++++ EXERCISE INPUTS
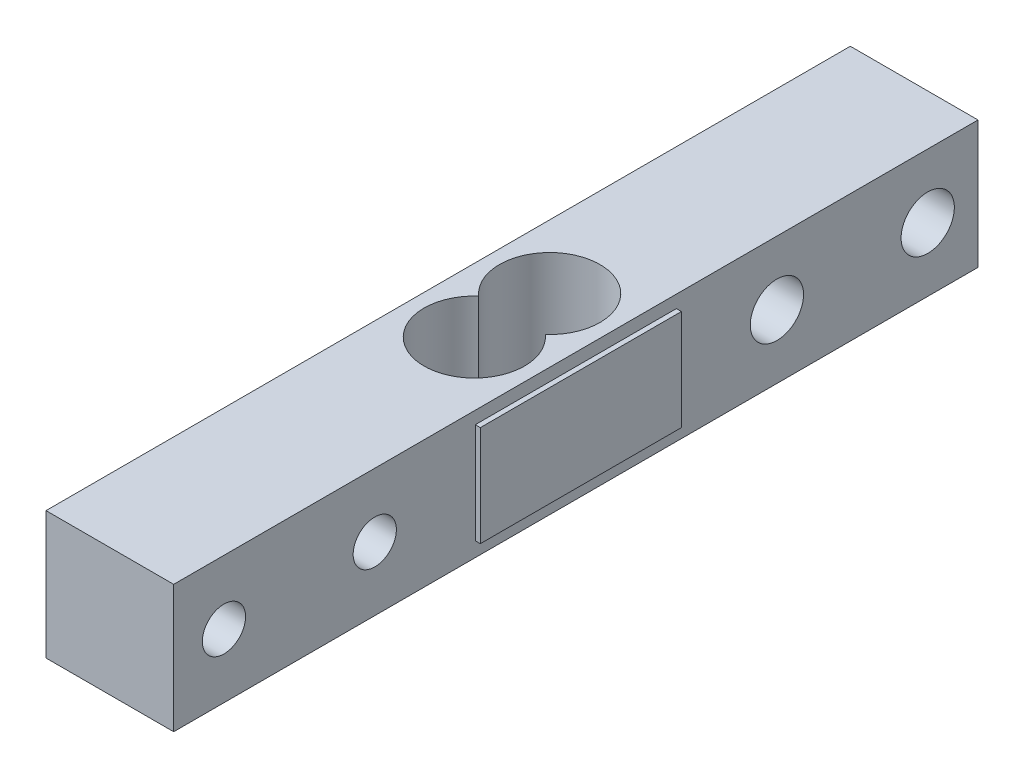
ISO-10303-21;
HEADER;
FILE_DESCRIPTION(('STEP AP214'),'2;1');
FILE_NAME('part.step','',(''),(''),'','','');
FILE_SCHEMA(('AUTOMOTIVE_DESIGN { 1 0 10303 214 1 1 1 1 }'));
ENDSEC;
DATA;
#1=APPLICATION_CONTEXT('core data for automotive mechanical design processes');
#2=APPLICATION_PROTOCOL_DEFINITION('international standard','automotive_design',2000,#1);
#3=PRODUCT_CONTEXT('',#1,'mechanical');
#4=PRODUCT('Part','Part','',(#3));
#5=PRODUCT_RELATED_PRODUCT_CATEGORY('part','',(#4));
#6=PRODUCT_DEFINITION_FORMATION('','',#4);
#7=PRODUCT_DEFINITION_CONTEXT('part definition',#1,'design');
#8=PRODUCT_DEFINITION('design','',#6,#7);
#9=PRODUCT_DEFINITION_SHAPE('','',#8);
#10=(LENGTH_UNIT() NAMED_UNIT(*) SI_UNIT(.MILLI.,.METRE.));
#11=(NAMED_UNIT(*) PLANE_ANGLE_UNIT() SI_UNIT($,.RADIAN.));
#12=(NAMED_UNIT(*) SI_UNIT($,.STERADIAN.) SOLID_ANGLE_UNIT());
#13=UNCERTAINTY_MEASURE_WITH_UNIT(LENGTH_MEASURE(1.E-05),#10,'distance_accuracy_value','');
#14=(GEOMETRIC_REPRESENTATION_CONTEXT(3) GLOBAL_UNCERTAINTY_ASSIGNED_CONTEXT((#13)) GLOBAL_UNIT_ASSIGNED_CONTEXT((#10,
#11,#12)) REPRESENTATION_CONTEXT('',''));
#15=CARTESIAN_POINT('',(0.,0.,0.));
#16=DIRECTION('',(0.,0.,1.));
#17=DIRECTION('',(1.,0.,0.));
#18=AXIS2_PLACEMENT_3D('',#15,#16,#17);
#19=CARTESIAN_POINT('',(12.7,0.,0.));
#20=DIRECTION('',(1.,0.,0.));
#21=DIRECTION('',(0.,0.,-1.));
#22=AXIS2_PLACEMENT_3D('',#19,#20,#21);
#23=PLANE('',#22);
#24=CARTESIAN_POINT('',(12.7,0.,35.));
#25=DIRECTION('',(1.,0.,0.));
#26=DIRECTION('',(0.,0.,-1.));
#27=AXIS2_PLACEMENT_3D('',#24,#25,#26);
#28=CIRCLE('',#27,2.15);
#29=CARTESIAN_POINT('',(12.7,0.,32.85));
#30=VERTEX_POINT('',#29);
#31=EDGE_CURVE('E240',#30,#30,#28,.T.);
#32=ORIENTED_EDGE('',*,*,#31,.F.);
#33=EDGE_LOOP('',(#32));
#34=FACE_BOUND('',#33,.T.);
#35=CARTESIAN_POINT('',(12.7,0.,20.));
#36=DIRECTION('',(1.,0.,0.));
#37=DIRECTION('',(0.,0.,-1.));
#38=AXIS2_PLACEMENT_3D('',#35,#36,#37);
#39=CIRCLE('',#38,2.15);
#40=CARTESIAN_POINT('',(12.7,0.,17.85));
#41=VERTEX_POINT('',#40);
#42=EDGE_CURVE('E248',#41,#41,#39,.T.);
#43=ORIENTED_EDGE('',*,*,#42,.F.);
#44=EDGE_LOOP('',(#43));
#45=FACE_BOUND('',#44,.T.);
#46=CARTESIAN_POINT('',(12.7,0.,-20.));
#47=DIRECTION('',(1.,0.,0.));
#48=DIRECTION('',(0.,0.,-1.));
#49=AXIS2_PLACEMENT_3D('',#46,#47,#48);
#50=CIRCLE('',#49,2.65);
#51=CARTESIAN_POINT('',(12.7,0.,-22.65));
#52=VERTEX_POINT('',#51);
#53=EDGE_CURVE('E256',#52,#52,#50,.T.);
#54=ORIENTED_EDGE('',*,*,#53,.F.);
#55=EDGE_LOOP('',(#54));
#56=FACE_BOUND('',#55,.T.);
#57=CARTESIAN_POINT('',(12.7,0.,-35.));
#58=DIRECTION('',(1.,0.,0.));
#59=DIRECTION('',(0.,0.,-1.));
#60=AXIS2_PLACEMENT_3D('',#57,#58,#59);
#61=CIRCLE('',#60,2.65);
#62=CARTESIAN_POINT('',(12.7,0.,-37.65));
#63=VERTEX_POINT('',#62);
#64=EDGE_CURVE('E226',#63,#63,#61,.T.);
#65=ORIENTED_EDGE('',*,*,#64,.F.);
#66=EDGE_LOOP('',(#65));
#67=FACE_BOUND('',#66,.T.);
#68=DIRECTION('',(0.,-1.,0.));
#69=VECTOR('',#68,1.);
#70=CARTESIAN_POINT('',(12.7,-6.35,40.));
#71=LINE('',#70,#69);
#72=CARTESIAN_POINT('',(12.7,6.34999999999999,40.));
#73=VERTEX_POINT('',#72);
#74=CARTESIAN_POINT('',(12.7,-6.35,40.));
#75=VERTEX_POINT('',#74);
#76=EDGE_CURVE('E289',#73,#75,#71,.T.);
#77=ORIENTED_EDGE('',*,*,#76,.T.);
#78=DIRECTION('',(0.,0.,-1.));
#79=VECTOR('',#78,1.);
#80=CARTESIAN_POINT('',(12.7,-6.34999999999999,-40.));
#81=LINE('',#80,#79);
#82=CARTESIAN_POINT('',(12.7,-6.34999999999999,-40.));
#83=VERTEX_POINT('',#82);
#84=EDGE_CURVE('E293',#75,#83,#81,.T.);
#85=ORIENTED_EDGE('',*,*,#84,.T.);
#86=DIRECTION('',(0.,1.,0.));
#87=VECTOR('',#86,1.);
#88=CARTESIAN_POINT('',(12.7,-6.34999999999999,-40.));
#89=LINE('',#88,#87);
#90=CARTESIAN_POINT('',(12.7,6.35,-40.));
#91=VERTEX_POINT('',#90);
#92=EDGE_CURVE('E297',#83,#91,#89,.T.);
#93=ORIENTED_EDGE('',*,*,#92,.T.);
#94=DIRECTION('',(0.,0.,1.));
#95=VECTOR('',#94,1.);
#96=CARTESIAN_POINT('',(12.7,6.35,-40.));
#97=LINE('',#96,#95);
#98=EDGE_CURVE('E300',#91,#73,#97,.T.);
#99=ORIENTED_EDGE('',*,*,#98,.T.);
#100=EDGE_LOOP('',(#77,#85,#93,#99));
#101=FACE_BOUND('',#100,.T.);
#102=DIRECTION('',(0.,1.,0.));
#103=VECTOR('',#102,1.);
#104=CARTESIAN_POINT('',(12.7,-4.9,-9.99999999999999));
#105=LINE('',#104,#103);
#106=CARTESIAN_POINT('',(12.7,-4.9,-9.99999999999999));
#107=VERTEX_POINT('',#106);
#108=CARTESIAN_POINT('',(12.7,5.1,-9.99999999999999));
#109=VERTEX_POINT('',#108);
#110=EDGE_CURVE('E56',#107,#109,#105,.T.);
#111=ORIENTED_EDGE('',*,*,#110,.F.);
#112=DIRECTION('',(0.,0.,1.));
#113=VECTOR('',#112,1.);
#114=CARTESIAN_POINT('',(12.7,-4.9,10.));
#115=LINE('',#114,#113);
#116=CARTESIAN_POINT('',(12.7,-4.9,10.));
#117=VERTEX_POINT('',#116);
#118=EDGE_CURVE('E60',#107,#117,#115,.T.);
#119=ORIENTED_EDGE('',*,*,#118,.T.);
#120=DIRECTION('',(0.,1.,0.));
#121=VECTOR('',#120,1.);
#122=CARTESIAN_POINT('',(12.7,-4.9,10.));
#123=LINE('',#122,#121);
#124=CARTESIAN_POINT('',(12.7,5.1,10.));
#125=VERTEX_POINT('',#124);
#126=EDGE_CURVE('E153',#117,#125,#123,.T.);
#127=ORIENTED_EDGE('',*,*,#126,.T.);
#128=DIRECTION('',(0.,0.,1.));
#129=VECTOR('',#128,1.);
#130=CARTESIAN_POINT('',(12.7,5.1,10.));
#131=LINE('',#130,#129);
#132=EDGE_CURVE('E172',#109,#125,#131,.T.);
#133=ORIENTED_EDGE('',*,*,#132,.F.);
#134=EDGE_LOOP('',(#111,#119,#127,#133));
#135=FACE_BOUND('',#134,.T.);
#136=ADVANCED_FACE('F40',(#34,#45,#56,#67,#101,#135),#23,.T.);
#137=CARTESIAN_POINT('',(12.7,-6.35,40.));
#138=DIRECTION('',(0.,0.,-1.));
#139=DIRECTION('',(-1.,0.,0.));
#140=AXIS2_PLACEMENT_3D('',#137,#138,#139);
#141=PLANE('',#140);
#142=DIRECTION('',(0.,-1.,0.));
#143=VECTOR('',#142,1.);
#144=CARTESIAN_POINT('',(0.,-6.35,40.));
#145=LINE('',#144,#143);
#146=CARTESIAN_POINT('',(0.,6.34999999999999,40.));
#147=VERTEX_POINT('',#146);
#148=CARTESIAN_POINT('',(0.,-6.35,40.));
#149=VERTEX_POINT('',#148);
#150=EDGE_CURVE('E285',#147,#149,#145,.T.);
#151=ORIENTED_EDGE('',*,*,#150,.T.);
#152=DIRECTION('',(-1.,0.,0.));
#153=VECTOR('',#152,1.);
#154=CARTESIAN_POINT('',(12.7,-6.35,40.));
#155=LINE('',#154,#153);
#156=EDGE_CURVE('E11',#75,#149,#155,.T.);
#157=ORIENTED_EDGE('',*,*,#156,.F.);
#158=ORIENTED_EDGE('',*,*,#76,.F.);
#159=DIRECTION('',(-1.,0.,0.));
#160=VECTOR('',#159,1.);
#161=CARTESIAN_POINT('',(12.7,6.34999999999999,40.));
#162=LINE('',#161,#160);
#163=EDGE_CURVE('E303',#73,#147,#162,.T.);
#164=ORIENTED_EDGE('',*,*,#163,.T.);
#165=EDGE_LOOP('',(#151,#157,#158,#164));
#166=FACE_BOUND('',#165,.T.);
#167=ADVANCED_FACE('F42',(#166),#141,.F.);
#168=CARTESIAN_POINT('',(12.7,-6.34999999999999,-40.));
#169=DIRECTION('',(0.,1.,0.));
#170=DIRECTION('',(0.,0.,1.));
#171=AXIS2_PLACEMENT_3D('',#168,#169,#170);
#172=PLANE('',#171);
#173=CARTESIAN_POINT('',(6.35,-6.35000000000001,3.75));
#174=DIRECTION('',(0.,1.,0.));
#175=DIRECTION('',(0.,0.,1.));
#176=AXIS2_PLACEMENT_3D('',#173,#174,#175);
#177=CIRCLE('',#176,5.);
#178=CARTESIAN_POINT('',(3.04281086116927,-6.35000000000001,0.));
#179=VERTEX_POINT('',#178);
#180=CARTESIAN_POINT('',(9.65718913883074,-6.35,0.));
#181=VERTEX_POINT('',#180);
#182=EDGE_CURVE('E271',#179,#181,#177,.T.);
#183=ORIENTED_EDGE('',*,*,#182,.T.);
#184=CARTESIAN_POINT('',(6.35,-6.35000000000001,-3.75));
#185=DIRECTION('',(0.,1.,0.));
#186=DIRECTION('',(0.,0.,1.));
#187=AXIS2_PLACEMENT_3D('',#184,#185,#186);
#188=CIRCLE('',#187,5.);
#189=EDGE_CURVE('E267',#181,#179,#188,.T.);
#190=ORIENTED_EDGE('',*,*,#189,.T.);
#191=EDGE_LOOP('',(#183,#190));
#192=FACE_BOUND('',#191,.T.);
#193=DIRECTION('',(0.,0.,-1.));
#194=VECTOR('',#193,1.);
#195=CARTESIAN_POINT('',(0.,-6.34999999999999,-40.));
#196=LINE('',#195,#194);
#197=CARTESIAN_POINT('',(0.,-6.34999999999999,-40.));
#198=VERTEX_POINT('',#197);
#199=EDGE_CURVE('E307',#149,#198,#196,.T.);
#200=ORIENTED_EDGE('',*,*,#199,.T.);
#201=DIRECTION('',(-1.,0.,0.));
#202=VECTOR('',#201,1.);
#203=CARTESIAN_POINT('',(12.7,-6.34999999999999,-40.));
#204=LINE('',#203,#202);
#205=EDGE_CURVE('E49',#83,#198,#204,.T.);
#206=ORIENTED_EDGE('',*,*,#205,.F.);
#207=ORIENTED_EDGE('',*,*,#84,.F.);
#208=ORIENTED_EDGE('',*,*,#156,.T.);
#209=EDGE_LOOP('',(#200,#206,#207,#208));
#210=FACE_BOUND('',#209,.T.);
#211=ADVANCED_FACE('F342',(#192,#210),#172,.F.);
#212=CARTESIAN_POINT('',(12.7,-6.34999999999999,-40.));
#213=DIRECTION('',(0.,0.,1.));
#214=DIRECTION('',(1.,0.,0.));
#215=AXIS2_PLACEMENT_3D('',#212,#213,#214);
#216=PLANE('',#215);
#217=DIRECTION('',(0.,1.,0.));
#218=VECTOR('',#217,1.);
#219=CARTESIAN_POINT('',(0.,-6.34999999999999,-40.));
#220=LINE('',#219,#218);
#221=CARTESIAN_POINT('',(0.,6.35,-40.));
#222=VERTEX_POINT('',#221);
#223=EDGE_CURVE('E310',#198,#222,#220,.T.);
#224=ORIENTED_EDGE('',*,*,#223,.T.);
#225=DIRECTION('',(-1.,0.,0.));
#226=VECTOR('',#225,1.);
#227=CARTESIAN_POINT('',(12.7,6.35,-40.));
#228=LINE('',#227,#226);
#229=EDGE_CURVE('E318',#91,#222,#228,.T.);
#230=ORIENTED_EDGE('',*,*,#229,.F.);
#231=ORIENTED_EDGE('',*,*,#92,.F.);
#232=ORIENTED_EDGE('',*,*,#205,.T.);
#233=EDGE_LOOP('',(#224,#230,#231,#232));
#234=FACE_BOUND('',#233,.T.);
#235=ADVANCED_FACE('F327',(#234),#216,.F.);
#236=CARTESIAN_POINT('',(12.7,6.35,-40.));
#237=DIRECTION('',(0.,-1.,0.));
#238=DIRECTION('',(0.,0.,-1.));
#239=AXIS2_PLACEMENT_3D('',#236,#237,#238);
#240=PLANE('',#239);
#241=CARTESIAN_POINT('',(6.35,6.35,3.75));
#242=DIRECTION('',(0.,1.,0.));
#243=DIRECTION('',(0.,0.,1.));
++++++++
▸ **AIM OF THE EXERCISE**
Print the data above from its first line through the line that has "#37=DIRECTION('',(0.,0.,-1.));", exactly and with nothing else, omitting pictures.

▸ **TASK RESPONSE**
ISO-10303-21;
HEADER;
FILE_DESCRIPTION(('STEP AP214'),'2;1');
FILE_NAME('part.step','',(''),(''),'','','');
FILE_SCHEMA(('AUTOMOTIVE_DESIGN { 1 0 10303 214 1 1 1 1 }'));
ENDSEC;
DATA;
#1=APPLICATION_CONTEXT('core data for automotive mechanical design processes');
#2=APPLICATION_PROTOCOL_DEFINITION('international standard','automotive_design',2000,#1);
#3=PRODUCT_CONTEXT('',#1,'mechanical');
#4=PRODUCT('Part','Part','',(#3));
#5=PRODUCT_RELATED_PRODUCT_CATEGORY('part','',(#4));
#6=PRODUCT_DEFINITION_FORMATION('','',#4);
#7=PRODUCT_DEFINITION_CONTEXT('part definition',#1,'design');
#8=PRODUCT_DEFINITION('design','',#6,#7);
#9=PRODUCT_DEFINITION_SHAPE('','',#8);
#10=(LENGTH_UNIT() NAMED_UNIT(*) SI_UNIT(.MILLI.,.METRE.));
#11=(NAMED_UNIT(*) PLANE_ANGLE_UNIT() SI_UNIT($,.RADIAN.));
#12=(NAMED_UNIT(*) SI_UNIT($,.STERADIAN.) SOLID_ANGLE_UNIT());
#13=UNCERTAINTY_MEASURE_WITH_UNIT(LENGTH_MEASURE(1.E-05),#10,'distance_accuracy_value','');
#14=(GEOMETRIC_REPRESENTATION_CONTEXT(3) GLOBAL_UNCERTAINTY_ASSIGNED_CONTEXT((#13)) GLOBAL_UNIT_ASSIGNED_CONTEXT((#10,
#11,#12)) REPRESENTATION_CONTEXT('',''));
#15=CARTESIAN_POINT('',(0.,0.,0.));
#16=DIRECTION('',(0.,0.,1.));
#17=DIRECTION('',(1.,0.,0.));
#18=AXIS2_PLACEMENT_3D('',#15,#16,#17);
#19=CARTESIAN_POINT('',(12.7,0.,0.));
#20=DIRECTION('',(1.,0.,0.));
#21=DIRECTION('',(0.,0.,-1.));
#22=AXIS2_PLACEMENT_3D('',#19,#20,#21);
#23=PLANE('',#22);
#24=CARTESIAN_POINT('',(12.7,0.,35.));
#25=DIRECTION('',(1.,0.,0.));
#26=DIRECTION('',(0.,0.,-1.));
#27=AXIS2_PLACEMENT_3D('',#24,#25,#26);
#28=CIRCLE('',#27,2.15);
#29=CARTESIAN_POINT('',(12.7,0.,32.85));
#30=VERTEX_POINT('',#29);
#31=EDGE_CURVE('E240',#30,#30,#28,.T.);
#32=ORIENTED_EDGE('',*,*,#31,.F.);
#33=EDGE_LOOP('',(#32));
#34=FACE_BOUND('',#33,.T.);
#35=CARTESIAN_POINT('',(12.7,0.,20.));
#36=DIRECTION('',(1.,0.,0.));
#37=DIRECTION('',(0.,0.,-1.));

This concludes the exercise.